# overheating thinkpad t420

## alphis

Hey guys.

I have overheating issues that I initially thought to be related to my CPU governor settings and have since switched over to the powersave governor used by the (apparently better for core i5/i7) intel pstate driver. However I've noticed that I still have issues with overheating even with my cpu verified to be both using the powersave governor and scaled at about 800mhz frequencies. 

Then I noticed that going to a certain website caused my cpu temps to instantly rocket up to 96deg C. I closed the tab and the temps slowly went down. I opened various OTHER sites with no issue then loaded the one site again and the temps again flew through the roof!

That site is www.ign.com. This site used to be flash heavy but now I believe they're using more modern javascript libraries to facilitate fancy animations etc. Needless to say I am very surprized and since there is no governor for GPUs my i915 intel HD 3000 is uncontrollable. Apparently the powersave cpu governor cannot help in this situation.

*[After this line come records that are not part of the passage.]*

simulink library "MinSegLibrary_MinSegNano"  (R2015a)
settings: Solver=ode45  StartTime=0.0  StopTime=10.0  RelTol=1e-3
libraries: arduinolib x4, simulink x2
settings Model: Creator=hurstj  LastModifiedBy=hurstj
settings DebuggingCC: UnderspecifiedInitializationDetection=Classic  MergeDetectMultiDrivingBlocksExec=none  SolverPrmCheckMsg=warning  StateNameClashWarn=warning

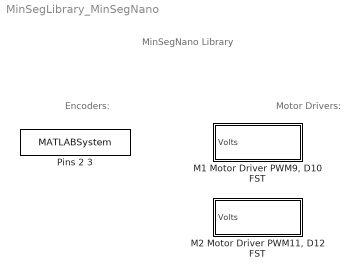
== system MinSegLibrary_MinSegNano ==
  note: Motor Drivers:
  note: Encoders:
  note: MinSegNano Library
  "M1 Motor Driver PWM9, D10 FST" : Subsystem  mask(Motor Driver){Vsupply=3.25}
      mask prompts: Vsupply "Driver Voltage"
      mask help:
      | Use a single PWM and a single Digtial out to control the magnitude and direction of a motor
      |
      | Specify driver supply voltage (3.25 for USB with SN754410)
      mask Display:
      | port_label('input',1,'Volts')
      | text(15,5,['Vsupply=' num2str(Vsupply)])
  "M2 Motor Driver PWM11, D12 FST" : Subsystem  mask(Motor Driver){Vsupply=3.25}
      mask prompts: Vsupply "Driver Voltage"
      mask help:
      | Use a single PWM and a single Digtial out to control the magnitude and direction of a motor
      |
      | Specify driver supply voltage (3.25 for USB with SN754410)
      mask Display:
      | port_label('input',1,'Volts')
      | text(15,5,['Vsupply=' num2str(Vsupply)])
  Pins 2 3 : MATLABSystem  System=Encoder_arduino_uno_nano  Encoder=0  PinA=2  PinB=3
      mask Type: Encoder_arduino_uno_nano
      mask Display:
      | disp('soEncoder');
      | port_label('output',1,'y');

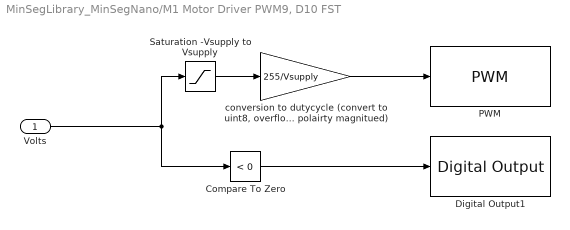
== system MinSegLibrary_MinSegNano/M1 Motor Driver PWM9, D10 FST ==
  Volts : Inport
  Compare To Zero : simulink/Logic and Bit Operations/Compare To Zero  relop=<  OutDataTypeStr=boolean
  Digital Output1 : arduinolib/Digital Output  pinNumber=10  blockPlatform=arduino
  PWM : arduinolib/PWM  pinNumber=9  blockPlatform=arduino
  Saturation -Vsupply to Vsupply : Saturate  UpperLimit=Vsupply  LowerLimit=-Vsupply  OutDataTypeStr=single
  "conversion to dutycycle (convert to uint8, overflow will provide reverse polairty magnitued)" : Gain  Gain=255/Vsupply  OutDataTypeStr=uint8
  wires:
  Volts/1 -> Compare To Zero/1, Saturation -Vsupply to Vsupply/1
  Saturation -Vsupply to Vsupply/1 -> "conversion to dutycycle (convert to uint8, overflow will provide reverse polairty magnitued)"/1
  "conversion to dutycycle (convert to uint8, overflow will provide reverse polairty magnitued)"/1 -> PWM/1
  Compare To Zero/1 -> Digital Output1/1

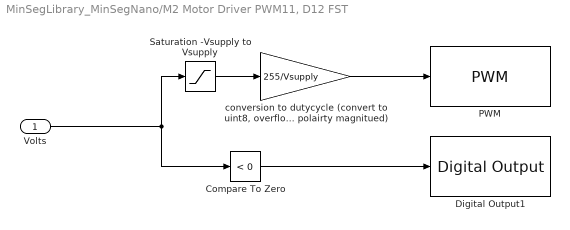
== system MinSegLibrary_MinSegNano/M2 Motor Driver PWM11, D12 FST ==
  Volts : Inport
  Compare To Zero : simulink/Logic and Bit Operations/Compare To Zero  relop=<  OutDataTypeStr=boolean
  Digital Output1 : arduinolib/Digital Output  pinNumber=12  blockPlatform=arduino
  PWM : arduinolib/PWM  pinNumber=11  blockPlatform=arduino
  Saturation -Vsupply to Vsupply : Saturate  UpperLimit=Vsupply  LowerLimit=-Vsupply  OutDataTypeStr=single
  "conversion to dutycycle (convert to uint8, overflow will provide reverse polairty magnitued)" : Gain  Gain=255/Vsupply  OutDataTypeStr=uint8
  wires:
  Compare To Zero/1 -> Digital Output1/1
  "conversion to dutycycle (convert to uint8, overflow will provide reverse polairty magnitued)"/1 -> PWM/1
  Saturation -Vsupply to Vsupply/1 -> "conversion to dutycycle (convert to uint8, overflow will provide reverse polairty magnitued)"/1
  Volts/1 -> Saturation -Vsupply to Vsupply/1, Compare To Zero/1
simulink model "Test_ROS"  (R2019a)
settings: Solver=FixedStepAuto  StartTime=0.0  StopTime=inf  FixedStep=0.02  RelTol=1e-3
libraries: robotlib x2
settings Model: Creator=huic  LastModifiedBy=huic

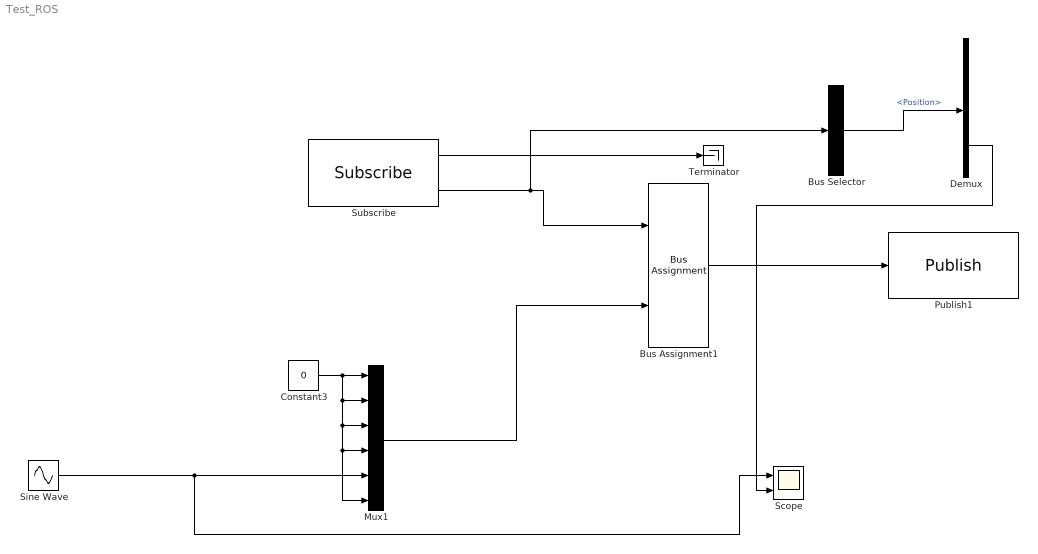
== system Test_ROS ==
  Bus Assignment1 : BusAssignment  AssignedSignals=Position
  Bus Selector : BusSelector  OutputSignals=Position
  Constant3 : Constant  Value=0
  Demux : Demux  Outputs=6
  Mux1 : Mux  Inputs=6
  Publish1 : robotlib/Publish  topicSource=Select from ROS network  topic=/joint_states  messageType=sensor_msgs/JointState  messageQueueLength=1
      settings: SourceProductBaseCode=RO
  Scope : Scope  NumInputPorts=2
  Sine Wave : Sin  Amplitude=1.57  Frequency=0.05  SampleTime=0
  Subscribe : robotlib/Subscribe  topicSource=Select from ROS network  topic=/joint_posStates  messageType=sensor_msgs/JointState  sampleTime=-1  messageQueueLength=1
      settings: SourceProductBaseCode=RO
  Terminator : Terminator
  wires:
  Subscribe/1 -> Terminator/1
  Subscribe/2 -> Bus Selector/1, Bus Assignment1/1
  Constant3/1 -> Mux1/6, Mux1/4, Mux1/3, Mux1/2, Mux1/1
  Mux1/1 -> Bus Assignment1/2
  Bus Assignment1/1 -> Publish1/1
  Bus Selector/1 -> Demux/1  "<Position>"
  Sine Wave/1 -> Mux1/5, Scope/1
  Demux/5 -> Scope/2
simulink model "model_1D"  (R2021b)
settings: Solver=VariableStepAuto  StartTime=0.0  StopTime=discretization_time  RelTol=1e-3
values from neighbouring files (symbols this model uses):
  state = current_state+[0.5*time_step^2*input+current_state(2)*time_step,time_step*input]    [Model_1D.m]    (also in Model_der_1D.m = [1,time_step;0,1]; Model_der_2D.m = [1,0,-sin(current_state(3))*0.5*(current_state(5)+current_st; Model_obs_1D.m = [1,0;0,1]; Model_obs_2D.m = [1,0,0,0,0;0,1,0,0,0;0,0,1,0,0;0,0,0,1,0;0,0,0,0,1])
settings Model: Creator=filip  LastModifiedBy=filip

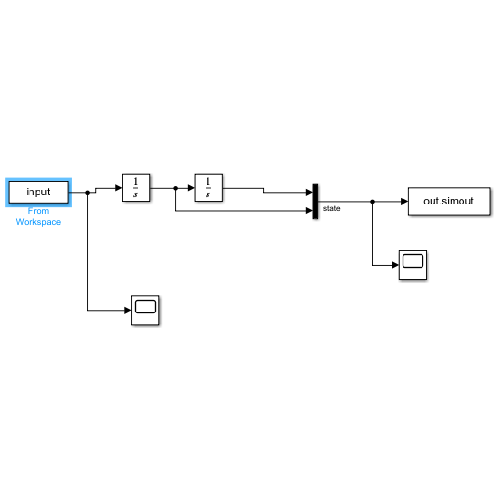
[thumbnail: Simulink's stored preview of the top-level diagram]
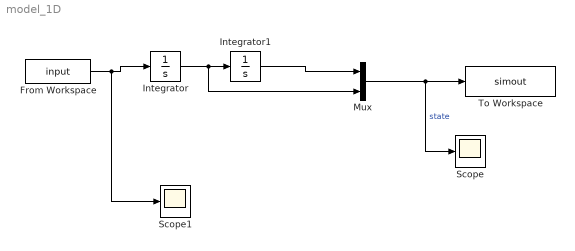
== system model_1D ==
  From Workspace : FromWorkspace  VariableName=input
  Integrator : Integrator  InitialCondition=state(2)
  Integrator1 : Integrator  InitialCondition=state(1)
  Mux : Mux  Inputs=2
  Scope : Scope
  Scope1 : Scope
  To Workspace : ToWorkspace  VariableName=simout  SaveFormat=Timeseries  SampleTime=-1
  wires:
  Integrator/1 -> Mux/2, Integrator1/1
  From Workspace/1 -> Scope1/1, Integrator/1
  Integrator1/1 -> Mux/1
  Mux/1 -> Scope/1, To Workspace/1  "state"
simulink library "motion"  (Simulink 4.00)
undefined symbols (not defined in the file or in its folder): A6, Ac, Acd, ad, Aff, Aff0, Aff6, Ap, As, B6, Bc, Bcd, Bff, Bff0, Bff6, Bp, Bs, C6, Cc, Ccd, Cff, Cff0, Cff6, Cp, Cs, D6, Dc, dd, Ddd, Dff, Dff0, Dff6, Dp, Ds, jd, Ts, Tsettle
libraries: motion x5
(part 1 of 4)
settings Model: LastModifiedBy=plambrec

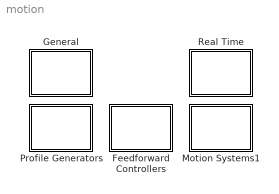
== system motion ==
  Feedforward Controllers : Subsystem
      settings: RTWFcnNameOpts=Auto  RTWFileNameOpts=Auto
      mask Display: disp('Feedforward\nControllers')
  General : Subsystem
      settings: RTWFcnNameOpts=Auto  RTWFileNameOpts=Auto
      mask Display: disp('General')
  Motion Systems1 : Subsystem
      settings: RTWFcnNameOpts=Auto  RTWFileNameOpts=Auto
      mask Display: disp('Motion\nSystems')
  Profile Generators : Subsystem
      settings: RTWFcnNameOpts=Auto  RTWFileNameOpts=Auto
      mask Display: disp('Profile\nGenerators')
  Real Time : Subsystem
      settings: RTWFcnNameOpts=Auto  RTWFileNameOpts=Auto
      mask Display: disp('Real\nTime')

== system motion/Feedforward Controllers ==
  note: Drag Template to
      | Simulink Model Window
  2nd order continuous : Subsystem  mask(Continuous Time Feedforward){m1=30, k1=20}
      mask prompts: m1 "Mass [kg]"; k1 "Actuator to ground Damping [Ns/m]"
      mask help: Continuous Time Feedforward to be used with 2nd order profile generator.
      mask init:
      | m2=0;k2=0;c=1;k12=0;
      | q3=(m1+m2)*c+k1*k2+(k1+k2)*k12;
      | q4=(k1+k2)*c;
      settings: RTWFcnNameOpts=Auto  RTWFileNameOpts=Auto
      mask Help:
      | Continuous Time Feedforward to be used with 2nd order profile generator.
      | See make2.m and look under mask.
      mask Display: disp('Cont. FF')
  2nd order discrete : Subsystem  mask(Discrete Time Feedforward){m1=20, k1=10, Ts=Ts}
      mask prompts: m1 "Actuator Mass [kg]"; k1 "Actuator to ground Damping [Ns/m]"; Ts "Sampling time [s]"
      mask help: Discrete Time Feedforward to be used with 2nd order profile generator.
      mask init:
      | m2=0;k2=0;c=1;k12=0;
      | q2=0;
      settings: RTWFcnNameOpts=Auto  RTWFileNameOpts=Auto
      mask Help:
      | Discrete Time Feedforward to be used with 2nd order profile generator.
      | See make2.m and look under mask.
      mask Display: disp('Disc. FF')
  3d order continuous : Subsystem  mask(Continuous Time Feedforward){m1=30, k1=20, q2=0}
      mask prompts: m1 "Mass [kg]"; k1 "Actuator to ground Damping [Ns/m]"; q2 "Jerk feedforward term (default 0)"
      mask help: Continuous Time Feedforward to be used with 3d order profile generator.
      mask init:
      | m2=0;k2=0;c=1;k12=0;
      | q3=(m1+m2)*c+k1*k2+(k1+k2)*k12;
      | q4=(k1+k2)*c;
      settings: RTWFcnNameOpts=Auto  RTWFileNameOpts=Auto
      mask Help:
      | Continuous Time Feedforward to be used with 3d order profile generator.
      | See make3.m and profile3.m and look under mask.
      mask Display: disp('Cont. FF')
  3d order discrete : Subsystem  mask(Discrete Time Feedforward){m1=20, k1=10, q2=0, Ts=Ts}
      mask prompts: m1 "Actuator Mass [kg]"; k1 "Actuator to ground Damping [Ns/m]"; q2 "Jerk feedforward term (default 0)"; Ts "Sampling time [s]"
      mask help: Discrete Time Feedforward to be used with 3d order profile generator.
      mask init:
      | m2=0;k2=0;c=1;k12=0;
      settings: RTWFcnNameOpts=Auto  RTWFileNameOpts=Auto
      mask Help:
      | Discrete Time Feedforward to be used with 3d order profile generator.
      | See make3.m and profile3.m and look under mask.
      mask Display: disp('Disc. FF')
  4th order  continuous x1 : Subsystem  mask(Continuous Time Feedforward){m1=20, m2=10, k1=10, k2=10, c=6e5, k12=500}
      mask prompts: m1 "Actuator Mass [kg]"; m2 "Load Mass [kg]"; k1 "Actuator to ground Damping [Ns/m]"; k2 "Load to ground Damping [Ns/m]"; c "Spring Stiffness [N/m]"; k12 "Internal Damping [Ns/m]"
      mask help: Continuous Time Feedforward to be used with 4th order profile generator.
      mask init:
      | q1=m1*m2;
      | q2=(m1+m2)*k12+m1*k2+m2*k1;
      | q3=(m1+m2)*c+k1*k2+(k1+k2)*k12;
      | q4=(k1+k2)*c;
      settings: RTWFcnNameOpts=Auto  RTWFileNameOpts=Auto
      mask Help:
      | Continuous Time Feedforward to be used with 4th order profile generator.
      | See make4.m and profile4.m and look under mask.
      mask Display: disp('Cont. FF')
  4th order  discrete x1 : Subsystem  mask(Discrete Time Feedforward){m1=20, m2=10, k1=10, k2=10, c=6e5, k12=500, Ts=Ts}
      mask prompts: m1 "Actuator Mass [kg]"; m2 "Load Mass [kg]"; k1 "Actuator to ground Damping [Ns/m]"; k2 "Load to ground Damping [Ns/m]"; c "Spring Stiffness [N/m]"; k12 "Internal Damping [Ns/m]"; Ts "Sampling time [s]"
      mask help: Discrete Time Feedforward to be used with 4th order profile generator.
      settings: RTWFcnNameOpts=Auto  RTWFileNameOpts=Auto
      mask Help:
      | Discrete Time Feedforward to be used with 4th order profile generator.
      | See make4.m and profile4.m and look under mask.
      mask Display: disp('Disc. FF')
  4th order continuous : Subsystem  mask(Continuous Time Feedforward){m1=20, m2=10, k1=10, k2=10, c=6e5, k12=500}
      mask prompts: m1 "Actuator Mass [kg]"; m2 "Load Mass [kg]"; k1 "Actuator to ground Damping [Ns/m]"; k2 "Load to ground Damping [Ns/m]"; c "Spring Stiffness [N/m]"; k12 "Internal Damping [Ns/m]"
      mask help: Continuous Time Feedforward to be used with 4th order profile generator.
      mask init:
      | q1=m1*m2;
      | q2=(m1+m2)*k12+m1*k2+m2*k1;
      | q3=(m1+m2)*c+k1*k2+(k1+k2)*k12;
      | q4=(k1+k2)*c;
      settings: RTWFcnNameOpts=Auto  RTWFileNameOpts=Auto
      mask Help:
      | Continuous Time Feedforward to be used with 4th order profile generator.
      | See make4.m and profile4.m and look under mask.
      mask Display: disp('Cont. FF')
  4th order digital : Subsystem  mask(Digital Feedforward){m1=20, m2=10, k1=10, k2=10, c=6e5, k12=500, Ts=Ts, r=10*eps}
      mask prompts: m1 "Actuator Mass [kg]"; m2 "Load Mass [kg]"; k1 "Actuator to ground Damping [Ns/m]"; k2 "Load to ground Damping [Ns/m]"; c "Spring Stiffness [N/m]"; k12 "Internal Damping [Ns/m]"; Ts "Sampling time [s]"; r "Resolution of position [m] (default: 10*eps)"
      mask help: Digital Feedforward to be used with 4th order profile generator.
      settings: RTWFcnNameOpts=Auto  RTWFileNameOpts=Auto
      mask Help:
      | Digital Feedforward to be used with 4th order profile generator.
      | See make4.m and profile4.m and look under mask.
      mask Display: disp('Dig. FF')
  4th order discrete : Subsystem  mask(Discrete Time Feedforward){m1=20, m2=10, k1=10, k2=10, c=6e5, k12=500, Ts=Ts}
      mask prompts: m1 "Actuator Mass [kg]"; m2 "Load Mass [kg]"; k1 "Actuator to ground Damping [Ns/m]"; k2 "Load to ground Damping [Ns/m]"; c "Spring Stiffness [N/m]"; k12 "Internal Damping [Ns/m]"; Ts "Sampling time [s]"
      mask help: Discrete Time Feedforward to be used with 4th order profile generator.
      settings: RTWFcnNameOpts=Auto  RTWFileNameOpts=Auto
      mask Help:
      | Discrete Time Feedforward to be used with 4th order profile generator.
      | See make4.m and profile4.m and look under mask.
      mask Display: disp('Disc. FF')
  Feedforward : Subsystem  BlockChoice=4th order continuous
      settings: TemplateBlock=self  MemberBlocks=2nd order continuous,2nd order discrete,3d order continuous,3d order discrete,4th order continuous,4th order digital,4th order discrete  RTWFcnNameOpts=Auto  RTWFileNameOpts=Auto

== system motion/General ==
  note: used to specify parameters
      | for blocks below
  2nd order plant : StateSpace  A=As  B=Bs  C=Cs  D=Ds  X0=0  Realization=auto  AbsoluteTolerance=auto
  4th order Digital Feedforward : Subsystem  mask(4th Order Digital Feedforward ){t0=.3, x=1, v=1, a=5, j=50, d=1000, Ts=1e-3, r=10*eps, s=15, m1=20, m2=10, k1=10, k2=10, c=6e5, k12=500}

My question is, what are my options to fix this overheating issue? Can I lower the power of the GPU somehow via module params? I'm currently running latest ~amd64 kernel and intel video drivers:

x11-drivers/xf86-video-intel 2.99.906

sys-kernel/gentoo-sources 3.12.0

Thanks.

----------

## s_bernstein

You probably should check first if your cooling system is still working. I've never seen a T420 which reaches 96°C even under full load. In general they top out at about 75°C with a fan speed of over 5000rpm. So, I think there is something broken. Probably your fan is not working at all or will not reach the need rpms.

If your core i is reaching 96°C, your cpu will protect itself by switching to termal throttleling.

----------

## alphis

Unfortunately reaching such temps is commonplace for my laptop. I'm not sure why. How can I determine what the issue is with the cooling system? I can verify this same issue occurs when I manually set the fan to full-speed. Fan speeds were at least 5K rpms.

Do you suggest I open this up and re-apply thermal paste to the CPU? Can I also at the same time exchange the pathetic heatsink they put in there? What are my options?

Thanks in advance!

----------

## s_bernstein

The cooling system of lenovo thinkpads are in fact quite good. I would like to discourage you from using a different part than the original one. These thinkpads are fine-tuned machines which probably won't tolerate a different cooler.

If you still have some kind of warranty on your laptop you should make use of it. If not, maybe there is some authorized lenovo dealer in your area who could check it out. Your last resort will probably be the lenovo service. In my experience, the service is rather good, fast and not to expensive.Sometimes, they even repair laptops out of warranty free of charge.

----------

## toralf

at a x86 system of a T420 (i5, i915) I'm fine with the ondemand governor since years here's my config : http://bpaste.net/show/153258/

----------

## Clad in Sky

Using ondemand on a T420 here too. It's never getting really hot unless this one time when the fans didn't speed up. I don't know why this happened, and apart from that one time, I've never experienced it again.

I'm playing Path of Exile on that machine without it getting very hot.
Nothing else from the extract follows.